Malgré cela, de grands projets restent en cours, notamment la recherche de financements privés pour la traduction de la création littéraire arabe, ainsi que la préparation d’une revue destinée à publier des anthologies traduites d’auteurs arabes.

Dans cette dynamique, les initiatives de l’IMA s’inscrivent dans un long processus engagé notamment par Farouk Mardam-Bey, qui a repris un projet initié par l’éditeur français Pierre Bernard (1940-1995), connu pour son intérêt marqué pour l’islam, le soufisme et la culture arabe.

Fondateur de la collection Sindbad, celui-ci a, dès 1972, contribué à la publication de traductions d’écrivains majeurs tels que Naguib Mahfouz, Tayeb Salih, Badr Chaker Assayab ou encore Adonis.

Cette collection, soutenue par le penseur français Jacques Berque, a comblé un vide considérable, rappelle Mardam-Bey, à une époque où le public français ne connaissait guère que “Le Livre des Jours” de Taha Hussein et “Journal d’un substitut de campagne” de Tawfiq al-Hakim.

Parmi les réussites de cette expérience éditoriale parisienne, Farouk Mardam-Bey cite notamment la large diffusion des traductions du poète palestinien Mahmoud Darwich, qui continuent de rencontrer un vif succès auprès des lecteurs francophones.

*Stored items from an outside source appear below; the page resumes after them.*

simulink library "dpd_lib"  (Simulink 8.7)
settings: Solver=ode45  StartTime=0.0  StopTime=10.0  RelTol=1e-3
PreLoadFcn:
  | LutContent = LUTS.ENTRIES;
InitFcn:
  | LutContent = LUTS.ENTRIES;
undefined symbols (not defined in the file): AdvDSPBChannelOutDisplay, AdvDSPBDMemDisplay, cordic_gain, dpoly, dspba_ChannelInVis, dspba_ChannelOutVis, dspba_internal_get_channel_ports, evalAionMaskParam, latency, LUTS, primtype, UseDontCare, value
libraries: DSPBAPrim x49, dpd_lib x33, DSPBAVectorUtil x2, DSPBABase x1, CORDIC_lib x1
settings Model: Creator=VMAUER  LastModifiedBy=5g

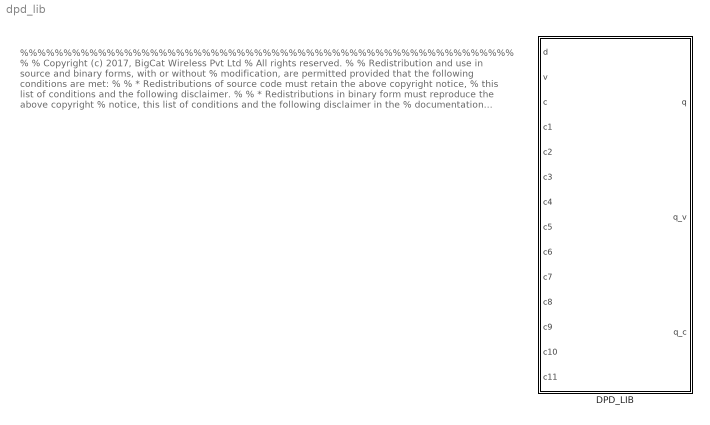
== system dpd_lib ==
  note: %%%%%%%%%%%%%%%%%%%%%%%%%%%%%%%%%%%%%%%%%%%%%%%%%%%%%%%%%
      |  %
      |  % Copyright (c) 2017, BigCat Wireless Pvt Ltd
      |  % All rights reserved.
      |  %
      |  % Redistribution and use in source and binary forms, with or without
      |  % modification, are permitted provided that the following conditions are met:
      |  %
      |  %     * Redistributions of source code must retain the above copyright notice,
      |  %       this list of conditions and the following disclaimer.
      |  %
      |  %     * Redistributions in binary form must reproduce the above copyright
      |  %       notice, this list of conditions and the following disclaimer in the
      |  %       documentation and/or other materials provided with the distribution.
      |  %
      |  %     * Neither the name of the copyright holder nor the names of its contributors
      |  %       may be used to endorse or promote products derived from this software
      |  %       without specific prior written permission.
      |  %
      |  %
      |  %
      |  % THIS SOFTWARE IS PROVIDED BY THE COPYRIGHT HOLDERS AND CONTRIBUTORS "AS IS"
      |  % AND ANY EXPRESS OR IMPLIED WARRANTIES, INCLUDING, BUT NOT LIMITED TO, THE
      |  % IMPLIED WARRANTIES OF MERCHANTABILITY AND FITNESS FOR A PARTICULAR PURPOSE ARE
      |  % DISCLAIMED. IN NO EVENT SHALL THE COPYRIGHT HOLDER OR CONTRIBUTORS BE LIABLE
      |  % FOR ANY DIRECT, INDIRECT, INCIDENTAL, SPECIAL, EXEMPLARY, OR CONSEQUENTIAL
      |  % DAMAGES (INCLUDING, BUT NOT LIMITED TO, PROCUREMENT OF SUBSTITUTE GOODS OR
      |  % SERVICES; LOSS OF USE, DATA, OR PROFITS; OR BUSINESS INTERRUPTION) HOWEVER
      |  % CAUSED AND ON ANY THEORY OF LIABILITY, WHETHER IN CONTRACT, STRICT LIABILITY,
      |  % OR TORT (INCLUDING NEGLIGENCE OR OTHERWISE) ARISING IN ANY WAY OUT OF THE USE
      |  % OF THIS SOFTWARE, EVEN IF ADVISED OF THE POSSIBILITY OF SUCH DAMAGE.
      |  %
      |   %%%%%%%%%%%%%%%%%%%%%%%%%%%%%%%%%%%%%%%%%%%%%%%%%%%%%%%%%%
  DPD_LIB : Subsystem  mask{CoefWidth=16, Coeff_fractionwidth=11, DataWidth=16, fractionwidth=15, Lateny=0, ClockMargin=0, Pipeline_stages=0, LutContent=0}
      mask prompts: CoefWidth "Coefficient Width"; DataWidth "Data Width"; LutContent "initial Lut Content"
      mask Display:
      | disp('DPD');
      | port_label('input',1,'d');
      | port_label('input',2,'v');
      | port_label('input',3,'c');
      | port_label('input',4,'coeffs1');
      | port_label('input',5,'coeffs2');
      | port_label('input',6,'coeffs3');
      | port_label('input',7,'coeffs4');
      | port_label('input',8,'coeffs5');
      | port_label('input',9,'coeffs6');
      | port_label('input',10,'coeffs7');
      | port_label('input',11,'coeffs8');
      | port_label('input',12,'LUTAddress');
      | port_label('input',13,'RegField1');
      | port_label('input',14,'Predistorter_Enable');
      | port_label('output',1,'q');
      | port_label('output',2,'q_v');
      | port_label('output',3,'q_c');

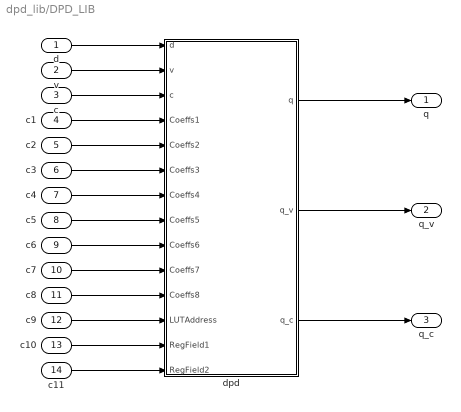
== system dpd_lib/DPD_LIB ==
  d : Inport
  v : Inport  Port=2
  c : Inport  Port=3
  c1 : Inport  Port=4
  c2 : Inport  Port=5
  c3 : Inport  Port=6
  c4 : Inport  Port=7
  c5 : Inport  Port=8
  c6 : Inport  Port=9
  c7 : Inport  Port=10
  c8 : Inport  Port=11
  c9 : Inport  Port=12
  c10 : Inport  Port=13
  c11 : Inport  Port=14
  dpd : Subsystem
  q : Outport
  q_v : Outport  Port=2
  q_c : Outport  Port=3
  wires:
  c/1 -> dpd/3(c)
  d/1 -> dpd/1(d)
  v/1 -> dpd/2(v)
  dpd/1(q) -> q/1
  dpd/2(q_v) -> q_v/1
  dpd/3(q_c) -> q_c/1
  c1/1 -> dpd/4(Coeffs1)
  c2/1 -> dpd/5(Coeffs2)
  c3/1 -> dpd/6(Coeffs3)
  c4/1 -> dpd/7(Coeffs4)
  c5/1 -> dpd/8(Coeffs5)
  c6/1 -> dpd/9(Coeffs6)
  c7/1 -> dpd/10(Coeffs7)
  c10/1 -> dpd/13(RegField1)
  c9/1 -> dpd/12(LUTAddress)
  c8/1 -> dpd/11(Coeffs8)
  c11/1 -> dpd/14(RegField2)

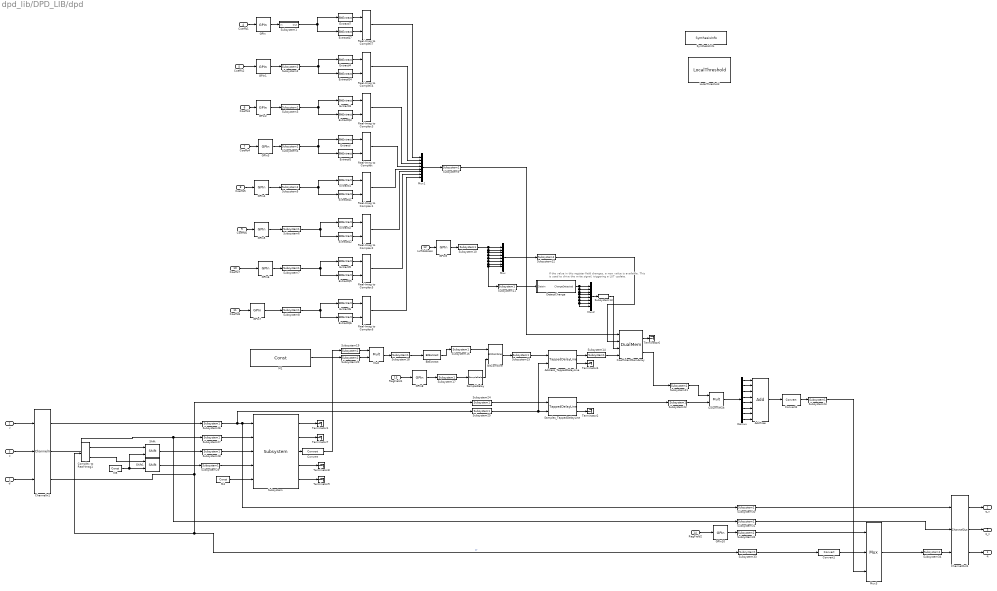
== system dpd_lib/DPD_LIB/dpd ==
  note: If the value in this register field changes, a new value is available.
      | This is used to drive the write signal, triggering a LUT update.
  d : Inport
  v : Inport  Port=2
  c : Inport  Port=3
  Coeffs1 : Inport  Port=4
  Coeffs2 : Inport  Port=5
  Coeffs3 : Inport  Port=6
  Coeffs4 : Inport  Port=7
  Coeffs5 : Inport  Port=8
  Coeffs6 : Inport  Port=9
  Coeffs7 : Inport  Port=10
  Coeffs8 : Inport  Port=11
  LUTAddress : Inport  Port=12
  RegField1 : Inport  Port=13
  RegField2 : Inport  Port=14
  AddTree : DSPBAPrim/Add  primtype=add  nInputs=evalAionMaskParam(gcb,'value',1)  nOutputs=1  omode=Inherit via internal rule with word growth  otype=sfix(16)  scale=2^-15  rndmethod=Unbiased  factor=1  satmethod=Symmetric  shift_vec=[0 1 2 -1]  value=8  inPortNames=[' '; ' ';]  outPortNames=[' ']  dspbaimage=dspba_prim.jpg  text=fprintf('+');  style=Optimised  visibilities=1032+2^17+2^18+2^19  genFPC=off  floatRounding=correct  advOptions=[]  version=20130821
  Address_TappedDelayLine : DSPBAVectorUtil/TappedDelayLine  numTaps=size(LutContent, 2)  zeroOrOne=0  reverse=off
  BitCombine : DSPBAPrim/BitCombine  primtype=bitcombine  nInputs=2  nOutputs=1  omode=Inherit via internal rule  otype=sfix(16)  scale=2^-15  rndmethod=Unbiased  factor=1  satmethod=Symmetric  shift_vec=[0 1 2 -1]  value=0  inPortNames=['l'; 'h';]  outPortNames=[' ']  dspbaimage=dspba_prim.jpg  text=fprintf('[h,l]');  style=Optimised  visibilities=8+2  version=20090407
  BitExtract : DSPBAPrim/BitExtract  primtype=bitextract  nInputs=1  nOutputs=1  omode=Specify via dialog  otype=ufix(8)  scale=1  rndmethod=Unbiased  factor=1  satmethod=Symmetric  shift_vec=[0 1 2 -1]  value=log2(size(LutContent,1))  inPortNames=[' '; ' ';]  outPortNames=[' ']  dspbaimage=dspba_prim.jpg  text=fprintf('..%d', value);  style=Optimised  visibilities=8 + 1024  version=20090407
  ChannelIn1 : DSPBAPrim/ChannelIn  primtype=channelin  nInputs=dspba_internal_get_channel_ports(gcb)  nOutputs=dspba_internal_get_channel_ports(gcb)  omode=Inherit via internal rule  otype=sfix(16)  scale=2^-15  rndmethod=Unbiased  factor=1  satmethod=Symmetric  shift_vec=[0 1 2 -1]  value=1  inPortNames=['v'; 'c'; '0'; '1'; '2'; '3'; '4'; '5'; '6'; '7'; '8'; '9'; 'A'; 'B'; 'D'; 'E'; 'F'; 'G'; 'H'; 'I'; 'J'; 'K'; 'L'; 'M'; 'N'; 'O'; 'P'; 'Q'; 'R'; 'S'; 'T'; 'U'; 'W'; 'X'; 'Y'; 'Z']  outPortNames=['v'; 'c'; '0'; '1'; '2'; '3'; '4'; '5'; '6'; '7'; '8'; '9'; 'A'; 'B'; 'D'; 'E'; 'F'; 'G'; 'H'; 'I'; 'J'; 'K'; 'L'; 'M'; 'N'; 'O'; 'P'; 'Q'; 'R'; 'S'; 'T'; 'U'; 'W'; 'X'; 'Y'; 'Z']  dspbaimage=dspba_prim.jpg  text=fprintf('In');  style=Optimised  dataSignals=1  foldingEnabled=off  channels=1  sampleRate=200  packetBeginPresent=off  packetBeginEnabled=off  visibilities=dspba_ChannelInVis(gcb)  latencyCorrection=0  version=20141013
  ChannelOut1 : DSPBAPrim/ChannelOut  primtype=channelout  nInputs=dspba_internal_get_channel_ports(gcb)  nOutputs=dspba_internal_get_channel_ports(gcb)  omode=Inherit via internal rule  otype=sfix(16)  scale=2^-15  rndmethod=Unbiased  factor=1  satmethod=Symmetric  shift_vec=[0 1 2 -1]  value=1  inPortNames=['v'; 'c'; '0'; '1'; '2'; '3'; '4'; '5'; '6'; '7'; '8'; '9'; 'A'; 'B'; 'D'; 'E'; 'F'; 'G'; 'H'; 'I'; 'J'; 'K'; 'L'; 'M'; 'N'; 'O'; 'P'; 'Q'; 'R'; 'S'; 'T'; 'U'; 'W'; 'X'; 'Y'; 'Z']  outPortNames=['v'; 'c'; '0'; '1'; '2'; '3'; '4'; '5'; '6'; '7'; '8'; '9'; 'A'; 'B'; 'D'; 'E'; 'F'; 'G'; 'H'; 'I'; 'J'; 'K'; 'L'; 'M'; 'N'; 'O'; 'P'; 'Q'; 'R'; 'S'; 'T'; 'U'; 'W'; 'X'; 'Y'; 'Z']  dspbaimage=dspba_prim.jpg  text=fprintf('Out%s', AdvDSPBChannelOutDisplay(latency));  style=Optimised  dataSignals=1  foldingEnabled=off  channels=1  sampleRate=200  packetBeginPresent=off  packetBeginEnabled=off  visibilities=dspba_ChannelOutVis(gcb)  latency=101  latencyCorrection=0  version=20141013
  CoefficientMemArray : DSPBAPrim/DualMem  primtype=dualmem  nInputs=4  nOutputs=2  omode=Specify via dialog  otype=sfix(CoefWidth)  scale=2^-Coeff_fractionwidth  rndmethod=Unbiased  factor=1  satmethod=Symmetric  shift_vec=[0 1 2 -1]  value=[LUTS.ENTRIES' LUTS.ENTRIES']'  inPortNames=['d1'; 'a1'; 'w1'; 'a2']  outPortNames=['q1'; 'q2']  dspbaimage=dspba_prim.jpg  text=fprintf('dmem%s',AdvDSPBDMemDisplay(UseDontCare));  style=Optimised  visibilities=8 + 1024 + 2^17  UseDontCare=on  TwinWritePorts=off  version=20141001
  ColumnMult : DSPBAPrim/Mult  primtype=mult  nInputs=2  nOutputs=1  omode=Inherit via internal rule  otype=sfix(16)  scale=2^-11  rndmethod=Unbiased  factor=1  satmethod=Symmetric  shift_vec=[0 1 2 -1]  value=0  inPortNames=[' '; ' ';]  outPortNames=[' ']  dspbaimage=dspba_prim.jpg  text=fprintf('X');  style=Optimised  visibilities=8+2^18+2^19  floatPrecision=float32_m23  floatRounding=correct  advOptions=[]  version=20130115
  Complex to Real-Imag1 : ComplexToRealImag
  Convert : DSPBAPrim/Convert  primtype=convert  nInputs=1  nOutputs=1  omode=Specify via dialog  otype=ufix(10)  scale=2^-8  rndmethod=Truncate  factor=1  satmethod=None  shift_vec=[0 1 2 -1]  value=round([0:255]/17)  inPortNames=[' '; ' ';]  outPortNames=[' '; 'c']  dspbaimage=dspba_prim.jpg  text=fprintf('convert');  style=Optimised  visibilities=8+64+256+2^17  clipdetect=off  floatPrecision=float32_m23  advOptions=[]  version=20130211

De même, la vente de 300.000 exemplaires de “L’Immeuble Yacoubian” d’Alaa Al-Aswany constitue un cas exceptionnel.

Toutefois, le constat demeure que la publication d’œuvres arabes, et plus particulièrement maghrébines, continue de poser problème, estime El Maâti Kabbal, qui appelle à encourager les éditeurs français à publier davantage les œuvres d’auteurs et de chercheurs du Maghreb.

Il souligne à ce propos l’émergence d’une nouvelle génération postérieure aux figures pionnières telles qu’Ahmed Sefrioui, Mohamed Dib ou Kateb Yacine, laquelle mérite de trouver un véritable espace de dialogue avec l’imaginaire du lectorat français.

Kabbal n’hésite pas à affirmer que le marché culturel français valorise parfois des auteurs surmédiatisés au détriment d’autres, moins connus mais plus talentueux, soutenant que les textes traitant du terrorisme et de l’extrémisme suscitent un intérêt particulier, dans la mesure où ils confortent certaines représentations négatives dominantes de l’homme et de la société arabes en Occident.

Les intervenants s’accordent à reconnaître que les difficultés de diffusion de la culture arabe en France ne sauraient occulter la montée en puissance de la présence arabe, incarnée par des générations successives issues de l’immigration, porteuses de leurs identités et engagées dans l’expression de leurs voix, celles d’une mémoire arabe profondément enracinée.